[[ Source records, beginning ]]

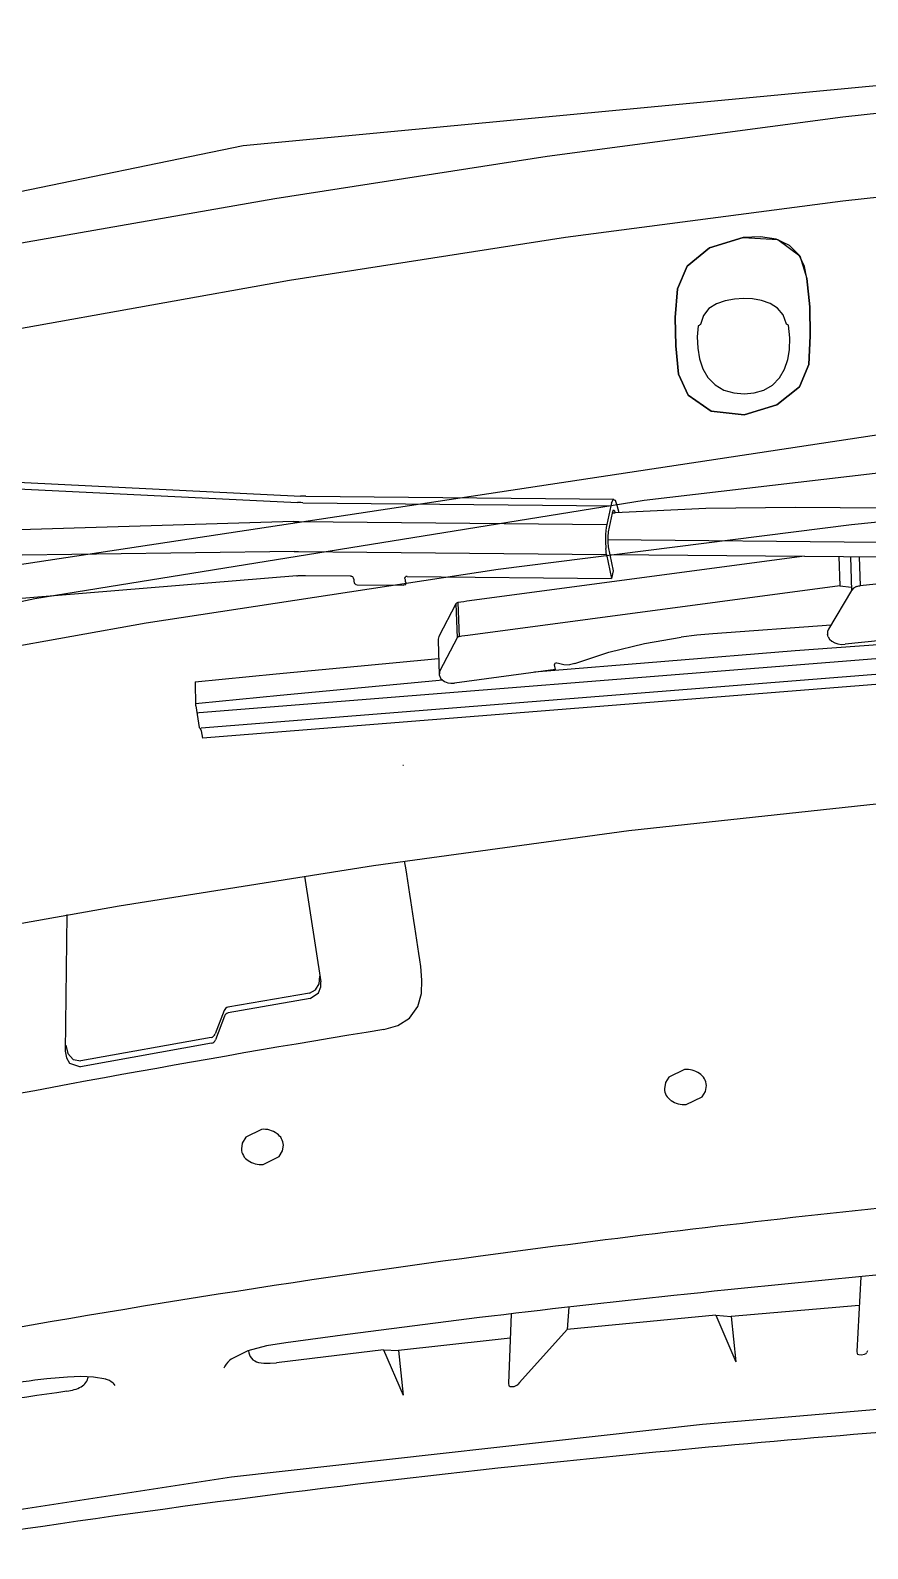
# Model space of a CAD drawing. Header units: millimetres. Extents: x 793 to 3159, y 750 to 2095.
# Drawn here: x 1316.8001 to 1316.9586, y 993.1676 to 993.4552 of the extents above; entities that cross this region are included whole.
import ezdxf

# ---------------------------------------------------------------- set-up
doc = ezdxf.new("R2010")
doc.units = ezdxf.units.MM
doc.linetypes.add('XR-CASETA$0$CONTINUA', pattern=[0])
doc.layers.add('XR-CASETA$0$A-AUTOS', color=8, linetype='Continuous')

# ---------------------------------------------------------------- blocks, each defined once
blk = doc.blocks.new('XR-CASETA$0$A$C75246685')
for p, q in [((-5.378398832572088, -0.4667755884711653), (-5.398848052571906, -0.2367038684713805)), ((-5.248229462572112, -0.3945249184712622), (-5.261142062572048, -0.2674672684713357)), ((-5.313422332572031, -0.2722052684713674), (-5.30586465257204, -0.3519783784712729)), ((-5.285786222572028, -0.2755840284713429), (-5.270985812572121, -0.4756868684711721)), ((-5.282826022572066, -0.2753984784713737), (-5.268036592572002, -0.4753559084711867)), ((-5.280933012572063, -0.2752733584713667), (-5.266151212572026, -0.4751293184711756)), ((-5.374241732571932, -0.2829178584713361), (-5.367201632572118, -0.3532820884712748)), ((-5.390043732572052, -0.285510478471366), (-5.383067412571903, -0.3532134184712561)), ((-5.310787752572082, -0.3912435084712626), (-5.321061492572084, -0.2984932684713328)), ((-5.285322362572173, -0.3133548684712935), (-5.282040192572026, -0.3627863284712873)), ((-5.297161352572061, -0.3215511284713273), (-5.294310092572118, -0.3504303684713079)), ((-5.326386812571968, -0.3227835784713022), (-5.296047452571997, -0.5312189484710927)), ((-5.285501192572041, -0.3302385684712874), (-5.283225802572018, -0.3533165684712856)), ((-5.135666902572324, -0.3812215384712374), (-5.139196262572226, -0.3372835484712766)), ((-5.308970122572077, -0.3456758884712769), (-5.309182832571991, -0.3625920784712946)), ((-5.303317962572123, -0.3981862584712132), (-5.302521152572012, -0.3470520784713074)), ((-5.300531402572119, -0.3978087584712568), (-5.299726652572076, -0.3461687384712775)), ((-5.299795932572009, -0.3505914984712888), (-5.294311922572092, -0.3504514284713025)), ((-5.294270722572151, -0.3506630684712775), (-5.294310092572118, -0.3504303684713079)), ((-5.294220982572028, -0.3508917984712809), (-5.294270722572151, -0.3506630684712775)), ((-5.14937448257217, -0.3498654884712948), (-5.148995452572193, -0.3500521084712602)), ((-5.148887422572101, -0.3501500684712653), (-5.148995152572184, -0.3500519484713038)), ((-5.148727812572246, -0.3504541784712671), (-5.148887422572101, -0.3501500684712653)), ((-5.148617952572179, -0.3510025784712809), (-5.148727812572246, -0.3504541784712671)), ((-5.383067412571903, -0.3532134184712561), (-5.375958342572062, -0.4091857084712558)), ((-5.367201632572118, -0.3532820884712748), (-5.360590612572082, -0.4057994784712094)), ((-5.30586465257204, -0.3519783784712729), (-5.297781462572061, -0.4189191384712388)), ((-5.299820952572077, -0.3522128984712651), (-5.293443392572158, -0.352050088471259)), ((-5.294306122572038, -0.3542778784712652), (-5.29404245257217, -0.3520653484712568)), ((-5.294160552572179, -0.3511156384712706), (-5.294220982572028, -0.3508917984712809)), ((-5.294160552572179, -0.3511156384712706), (-5.293858732572175, -0.3516709084712772)), ((-5.293858732572175, -0.3516709084712772), (-5.293443392572158, -0.3520499384712536)), ((-5.293443392572158, -0.3520499384712536), (-5.286116122572025, -0.3564382084713031)), ((-5.283214512572044, -0.3540125284712587), (-5.283225492572114, -0.3533167184712909)), ((-5.163407682572255, -0.3510956584712801), (-5.149223112572257, -0.3518884984712542)), ((-5.157984102572186, -0.3513985384712726), (-5.156023962572248, -0.3756915984712634)), ((-5.149223422572163, -0.3518897184712557), (-5.148863312572188, -0.3518366184712534)), ((-5.148863312572188, -0.3518366184712534), (-5.148768402572271, -0.3517748184712843)), ((-5.148768402572271, -0.3517748184712843), (-5.148650302572263, -0.3515154184712799)), ((-5.148650302572263, -0.3515154184712799), (-5.148617952572179, -0.3510025784712809)), ((-5.299855442572039, -0.3544197784712821), (-5.294306122572038, -0.3542781784712758)), ((-5.294306122572038, -0.354277718471252), (-5.285312902572172, -0.4247602084712128)), ((-5.286874482571988, -0.35598410847129), (-5.285368742572131, -0.3783740984712551)), ((-5.286116122572025, -0.3564383684712595), (-5.285642792572047, -0.3566347484712935)), ((-5.285642792572047, -0.3566347484712935), (-5.285151152571983, -0.3566722784712795)), ((-5.284990632571974, -0.3566309284712759), (-5.285151152571983, -0.3566722784712795)), ((-5.284829802572061, -0.3565895784712723), (-5.284990632571974, -0.3566309284712759)), ((-5.284668982572043, -0.3565482284712687), (-5.284829802572061, -0.3565895784712723)), ((-5.284668982572043, -0.3565482284712687), (-5.284222202572095, -0.3562692984712896)), ((-5.284222202572095, -0.3562694484712949), (-5.283834632572165, -0.3558508984712887)), ((-5.283834632572165, -0.3558508984712887), (-5.283527312572118, -0.3553153184712698)), ((-5.283527312572118, -0.3553156284712884), (-5.283316742572083, -0.3546915384712577)), ((-5.283316742572083, -0.3546913884712524), (-5.283214512572044, -0.3540128284712694)), ((-5.359967442571928, -0.3656340784712881), (-5.356836942571931, -0.3614856684712606)), ((-5.356995942572098, -0.3615840884712895), (-5.358852942572071, -0.3633977484712716)), ((-5.354859102572049, -0.3606169884712642), (-5.356995942572098, -0.3615840884712895)), ((-5.356836942571931, -0.3614856684712606), (-5.352597142572108, -0.3601618184712549)), ((-5.352597142572108, -0.3601618184712549), (-5.354859102572049, -0.3606169884712642)), ((-5.34717935257197, -0.3596759784713015), (-5.352597142572108, -0.3601618184712549)), ((-5.352597142572108, -0.3601618184712549), (-5.34717935257197, -0.3596759784713015)), ((-5.341725862571934, -0.3595926584712572), (-5.34717935257197, -0.3596759784713015)), ((-5.34717935257197, -0.3596759784713015), (-5.341725862571934, -0.3595926584712572)), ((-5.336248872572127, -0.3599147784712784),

[[ Source records, end ]]

### Work order
Please give back, exactly as it stands above, the stretch from the line with "doc.linetypes.add('XR-CASETA$0$CONTINUA', pattern=[0])" through the line with "blk = doc.blocks.new('XR-CASETA$0$A$C75246685')", and no line outside it.

### Output below
doc.linetypes.add('XR-CASETA$0$CONTINUA', pattern=[0])
doc.layers.add('XR-CASETA$0$A-AUTOS', color=8, linetype='Continuous')

# ---------------------------------------------------------------- blocks, each defined once
blk = doc.blocks.new('XR-CASETA$0$A$C75246685')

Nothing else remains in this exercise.